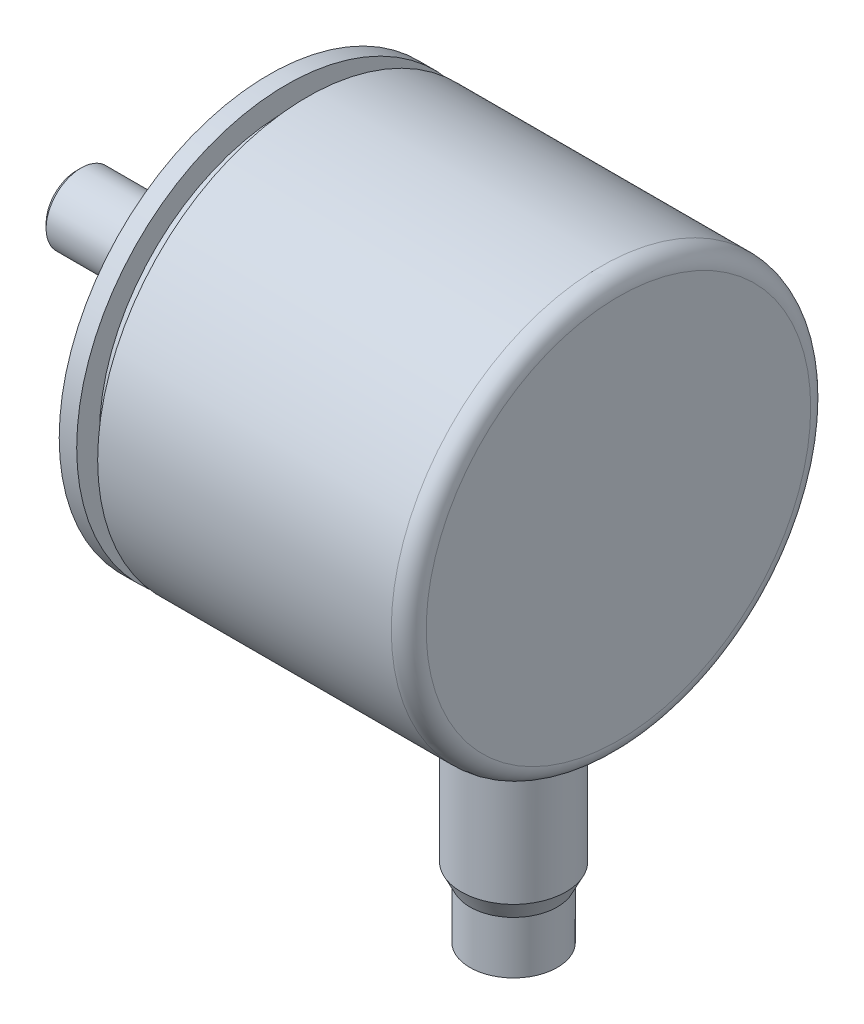
ISO-10303-21;
HEADER;
FILE_DESCRIPTION(('STEP AP214'),'2;1');
FILE_NAME('part.step','',(''),(''),'','','');
FILE_SCHEMA(('AUTOMOTIVE_DESIGN { 1 0 10303 214 1 1 1 1 }'));
ENDSEC;
DATA;
#1=APPLICATION_CONTEXT('core data for automotive mechanical design processes');
#2=APPLICATION_PROTOCOL_DEFINITION('international standard','automotive_design',2000,#1);
#3=PRODUCT_CONTEXT('',#1,'mechanical');
#4=PRODUCT('Part','Part','',(#3));
#5=PRODUCT_RELATED_PRODUCT_CATEGORY('part','',(#4));
#6=PRODUCT_DEFINITION_FORMATION('','',#4);
#7=PRODUCT_DEFINITION_CONTEXT('part definition',#1,'design');
#8=PRODUCT_DEFINITION('design','',#6,#7);
#9=PRODUCT_DEFINITION_SHAPE('','',#8);
#10=(LENGTH_UNIT() NAMED_UNIT(*) SI_UNIT(.MILLI.,.METRE.));
#11=(NAMED_UNIT(*) PLANE_ANGLE_UNIT() SI_UNIT($,.RADIAN.));
#12=(NAMED_UNIT(*) SI_UNIT($,.STERADIAN.) SOLID_ANGLE_UNIT());
#13=UNCERTAINTY_MEASURE_WITH_UNIT(LENGTH_MEASURE(1.E-05),#10,'distance_accuracy_value','');
#14=(GEOMETRIC_REPRESENTATION_CONTEXT(3) GLOBAL_UNCERTAINTY_ASSIGNED_CONTEXT((#13)) GLOBAL_UNIT_ASSIGNED_CONTEXT((#10,
#11,#12)) REPRESENTATION_CONTEXT('',''));
#15=CARTESIAN_POINT('',(0.,0.,0.));
#16=DIRECTION('',(0.,0.,1.));
#17=DIRECTION('',(1.,0.,0.));
#18=AXIS2_PLACEMENT_3D('',#15,#16,#17);
#19=CARTESIAN_POINT('',(25.,-13.,0.));
#20=DIRECTION('',(0.,1.,0.));
#21=DIRECTION('',(0.,0.,1.));
#22=AXIS2_PLACEMENT_3D('',#19,#20,#21);
#23=CYLINDRICAL_SURFACE('',#22,4.);
#24=CARTESIAN_POINT('',(25.,-11.3137084989848,4.));
#25=CARTESIAN_POINT('',(24.7821273006557,-11.3137077812174,4.00000103179085));
#26=CARTESIAN_POINT('',(24.5642608007056,-11.3200707716343,3.98213913474209));
#27=CARTESIAN_POINT('',(24.134982316023,-11.3447029632502,3.91140452675523));
#28=CARTESIAN_POINT('',(23.9235714005101,-11.3629741256876,3.85852604867359));
#29=CARTESIAN_POINT('',(23.5134924280108,-11.4091281475517,3.71982194273962));
#30=CARTESIAN_POINT('',(23.3148002822291,-11.4369921588529,3.63406088561298));
#31=CARTESIAN_POINT('',(22.9345598058082,-11.499164880413,3.43224651376552));
#32=CARTESIAN_POINT('',(22.7530152697855,-11.5334750121445,3.31618651544073));
#33=CARTESIAN_POINT('',(22.4051201506467,-11.6061795762989,3.05220458577151));
#34=CARTESIAN_POINT('',(22.2395382853131,-11.6446757937858,2.90329736551167));
#35=CARTESIAN_POINT('',(21.9351727951014,-11.7205545920401,2.57995066885758));
#36=CARTESIAN_POINT('',(21.7963934736705,-11.7579369931585,2.4055071002095));
#37=CARTESIAN_POINT('',(21.5460844106816,-11.828554676872,2.03041803186004));
#38=CARTESIAN_POINT('',(21.4353601175282,-11.8616563080642,1.8292076448981));
#39=CARTESIAN_POINT('',(21.24963365949,-11.9187834708393,1.40972489194989));
#40=CARTESIAN_POINT('',(21.1746218672924,-11.9428114481201,1.19145714274884));
#41=CARTESIAN_POINT('',(21.0650565814704,-11.9783630172763,0.752115269733972));
#42=CARTESIAN_POINT('',(21.029186214972,-11.9902925911024,0.531403019411868));
#43=CARTESIAN_POINT('',(20.9947348265574,-12.0017443287299,0.0867914992963533));
#44=CARTESIAN_POINT('',(20.9961441933904,-12.0012696905158,-0.13710693417559));
#45=CARTESIAN_POINT('',(21.0353770182641,-11.9882415847493,-0.572414060775262));
#46=CARTESIAN_POINT('',(21.071770113898,-11.9761625902047,-0.78396819436663));
#47=CARTESIAN_POINT('',(21.1775719239219,-11.9418786935893,-1.19777375528869));
#48=CARTESIAN_POINT('',(21.2469828759193,-11.9196731052473,-1.40002455111687));
#49=CARTESIAN_POINT('',(21.4176852692242,-11.867026811729,-1.7926098993679));
#50=CARTESIAN_POINT('',(21.5193837541861,-11.8364817009606,-1.98275288387538));
#51=CARTESIAN_POINT('',(21.7514388217946,-11.7703357215568,-2.34369730210929));
#52=CARTESIAN_POINT('',(21.8818033733105,-11.7347334480587,-2.51449333754137));
#53=CARTESIAN_POINT('',(22.1746975738388,-11.6602476739959,-2.84040346620523));
#54=CARTESIAN_POINT('',(22.3384526313659,-11.6212886067551,-2.99440062826109));
#55=CARTESIAN_POINT('',(22.6897949029065,-11.545893409956,-3.2731090383927));
#56=CARTESIAN_POINT('',(22.8773857829122,-11.5094576698246,-3.39781577312617));
#57=CARTESIAN_POINT('',(23.2746145024138,-11.4428210048445,-3.61594982014297));
#58=CARTESIAN_POINT('',(23.4845285252711,-11.4127163713899,-3.70890585448536));
#59=CARTESIAN_POINT('',(23.9182855768577,-11.3632660329754,-3.85777277307735));
#60=CARTESIAN_POINT('',(24.142122724825,-11.3439158194837,-3.91369918298997));
#61=CARTESIAN_POINT('',(24.5865534216463,-11.3191854526234,-3.98464512839009));
#62=CARTESIAN_POINT('',(24.8068376989946,-11.3132144127502,-4.00139638203053));
#63=CARTESIAN_POINT('',(25.2471045964564,-11.3142668823674,-3.99842175563887));
#64=CARTESIAN_POINT('',(25.467087264096,-11.3212880316726,-3.97870250090705));
#65=CARTESIAN_POINT('',(25.8926278628476,-11.346944723612,-3.90490260620924));
#66=CARTESIAN_POINT('',(26.0984217206034,-11.3651730176336,-3.85202557592273));
#67=CARTESIAN_POINT('',(26.4981744249567,-11.4107421468409,-3.71485545024187));
#68=CARTESIAN_POINT('',(26.6921311663631,-11.4380845973936,-3.63055678545369));
#69=CARTESIAN_POINT('',(27.069521683388,-11.4998751038315,-3.42989736295574));
#70=CARTESIAN_POINT('',(27.2524265705672,-11.5345210266251,-3.31260447343398));
#71=CARTESIAN_POINT('',(27.5965842095349,-11.6066307492386,-3.05034252223023));
#72=CARTESIAN_POINT('',(27.7578305546449,-11.6440953777518,-2.90536530199512));
#73=CARTESIAN_POINT('',(28.0621119363626,-11.719801545514,-2.5835668236013));
#74=CARTESIAN_POINT('',(28.2038975600754,-11.7579937431159,-2.4055490821866));
#75=CARTESIAN_POINT('',(28.4556645693922,-11.8290740645244,-2.02730916560102));
#76=CARTESIAN_POINT('',(28.5656470846497,-11.8619623767078,-1.82708777945821));
#77=CARTESIAN_POINT('',(28.7496804194469,-11.9185762324241,-1.41111944972918));
#78=CARTESIAN_POINT('',(28.8239651085923,-11.9423612001812,-1.19548449328478));
#79=CARTESIAN_POINT('',(28.9349109682404,-11.978344433511,-0.753833863384064));
#80=CARTESIAN_POINT('',(28.971585719522,-11.9905468813608,-0.527821967815556));
#81=CARTESIAN_POINT('',(29.0050483104226,-12.0016745294503,-0.0832613434401611));
#82=CARTESIAN_POINT('',(29.0036298157295,-12.0011968035776,0.135138895680077));
#83=CARTESIAN_POINT('',(28.9653707674144,-11.9884878607759,0.568444580000699));
#84=CARTESIAN_POINT('',(28.9285330873889,-11.976257597343,0.783350307276231));
#85=CARTESIAN_POINT('',(28.8216710616962,-11.9416365981765,1.20016847772824));
#86=CARTESIAN_POINT('',(28.7521831385883,-11.9194103344459,1.40223308365116));
#87=CARTESIAN_POINT('',(28.5824898756114,-11.8670864281798,1.79191340375918));
#88=CARTESIAN_POINT('',(28.4822789792119,-11.8369873619207,1.97952649656973));
#89=CARTESIAN_POINT('',(28.249721951592,-11.7706347531152,2.34253606523514));
#90=CARTESIAN_POINT('',(28.1163252584734,-11.7341948996771,2.51722500623043));
#91=CARTESIAN_POINT('',(27.8229704353752,-11.6597195516752,2.84232410508971));
#92=CARTESIAN_POINT('',(27.6630038309491,-11.6216835509239,2.99272648649837));
#93=CARTESIAN_POINT('',(27.3135625776522,-11.5465311930239,3.27096723533247));
#94=CARTESIAN_POINT('',(27.1231779560934,-11.5095091195452,3.3976918639916));
#95=CARTESIAN_POINT('',(26.7226622923889,-11.4424077329206,3.61725737320446));
#96=CARTESIAN_POINT('',(26.5125364278813,-11.41232660645,3.7101071072779));
#97=CARTESIAN_POINT('',(26.0881527039375,-11.3640533682606,3.85537531281666));
#98=CARTESIAN_POINT('',(25.8745109458985,-11.3453853142873,3.90943163659808));
#99=CARTESIAN_POINT('',(25.4405757981332,-11.3202153415807,3.98173728059707));
#100=CARTESIAN_POINT('',(25.2202847303572,-11.3137092246984,3.99999895678637));
#101=CARTESIAN_POINT('',(25.,-11.3137084989848,4.));
#102=B_SPLINE_CURVE_WITH_KNOTS('',3,(#24,#25,#26,#27,#28,#29,#30,#31,#32,#33,#34,#35,#36,#37,
#38,#39,#40,#41,#42,#43,#44,#45,#46,#47,#48,#49,#50,#51,#52,#53,#54,#55,#56,#57,#58,#59,#60,#61,
#62,#63,#64,#65,#66,#67,#68,#69,#70,#71,#72,#73,#74,#75,#76,#77,#78,#79,#80,#81,#82,#83,#84,#85,
#86,#87,#88,#89,#90,#91,#92,#93,#94,#95,#96,#97,#98,#99,#100,#101),.UNSPECIFIED.,.T.,.F.,(4,2,2,
2,2,2,2,2,2,2,2,2,2,2,2,2,2,2,2,2,2,2,2,2,2,2,2,2,2,2,2,2,2,2,2,2,2,2,4),(0.,0.652802339197421,
1.30571222006066,1.95734651000331,2.60912466474177,3.28405349710273,3.95909060687952,
4.65174024574629,5.34420305547157,6.01257275059737,6.68077013209309,7.32276019302276,
7.96479376756947,8.6152661944134,9.26591967496088,9.94720697455671,10.6285991844842,
11.3197055937222,12.0105220542646,12.6701716545776,13.3297014334894,13.966575830751,
14.6035631658778,15.2607543094286,15.9181394264851,16.6071523268437,17.2961407503013,
17.9805516476341,18.6647153201663,19.3167233871054,19.9686785603912,20.6102782416172,
21.2519940305297,21.9174207808253,22.5830601773053,23.2747561094458,23.9662711306747,
24.6265284865076,25.2865578876185),.UNSPECIFIED.);
#103=CARTESIAN_POINT('',(21.,-12.,0.));
#104=VERTEX_POINT('',#103);
#105=CARTESIAN_POINT('',(29.0000000000011,-12.0000000000004,0.));
#106=VERTEX_POINT('',#105);
#107=EDGE_CURVE('E137',#104,#106,#102,.T.);
#108=ORIENTED_EDGE('',*,*,#107,.T.);
#109=CARTESIAN_POINT('',(25.,-12.,0.));
#110=DIRECTION('',(0.,1.,0.));
#111=DIRECTION('',(0.,0.,1.));
#112=AXIS2_PLACEMENT_3D('',#109,#110,#111);
#113=CIRCLE('',#112,4.);
#114=EDGE_CURVE('E46',#106,#104,#113,.T.);
#115=ORIENTED_EDGE('',*,*,#114,.T.);
#116=EDGE_LOOP('',(#108,#115));
#117=FACE_BOUND('',#116,.T.);
#118=ADVANCED_FACE('F38',(#117),#23,.T.);
#119=CARTESIAN_POINT('',(0.,0.,0.));
#120=DIRECTION('',(-1.,0.,0.));
#121=DIRECTION('',(0.,0.,1.));
#122=AXIS2_PLACEMENT_3D('',#119,#120,#121);
#123=PLANE('',#122);
#124=CARTESIAN_POINT('',(0.,0.,0.));
#125=DIRECTION('',(-1.,0.,0.));
#126=DIRECTION('',(0.,0.,1.));
#127=AXIS2_PLACEMENT_3D('',#124,#125,#126);
#128=CIRCLE('',#127,1.75);
#129=CARTESIAN_POINT('',(0.,0.,1.75));
#130=VERTEX_POINT('',#129);
#131=EDGE_CURVE('E127',#130,#130,#128,.T.);
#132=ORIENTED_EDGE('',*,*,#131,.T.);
--
HOW TO COMPLETE THIS TASK = Copy out every line from the data above that has "DIRECTION" in it.

OUTPUT OF THE TASK =
#16=DIRECTION('',(0.,0.,1.));
#17=DIRECTION('',(1.,0.,0.));
#20=DIRECTION('',(0.,1.,0.));
#21=DIRECTION('',(0.,0.,1.));
#110=DIRECTION('',(0.,1.,0.));
#111=DIRECTION('',(0.,0.,1.));
#120=DIRECTION('',(-1.,0.,0.));
#121=DIRECTION('',(0.,0.,1.));
#125=DIRECTION('',(-1.,0.,0.));
#126=DIRECTION('',(0.,0.,1.));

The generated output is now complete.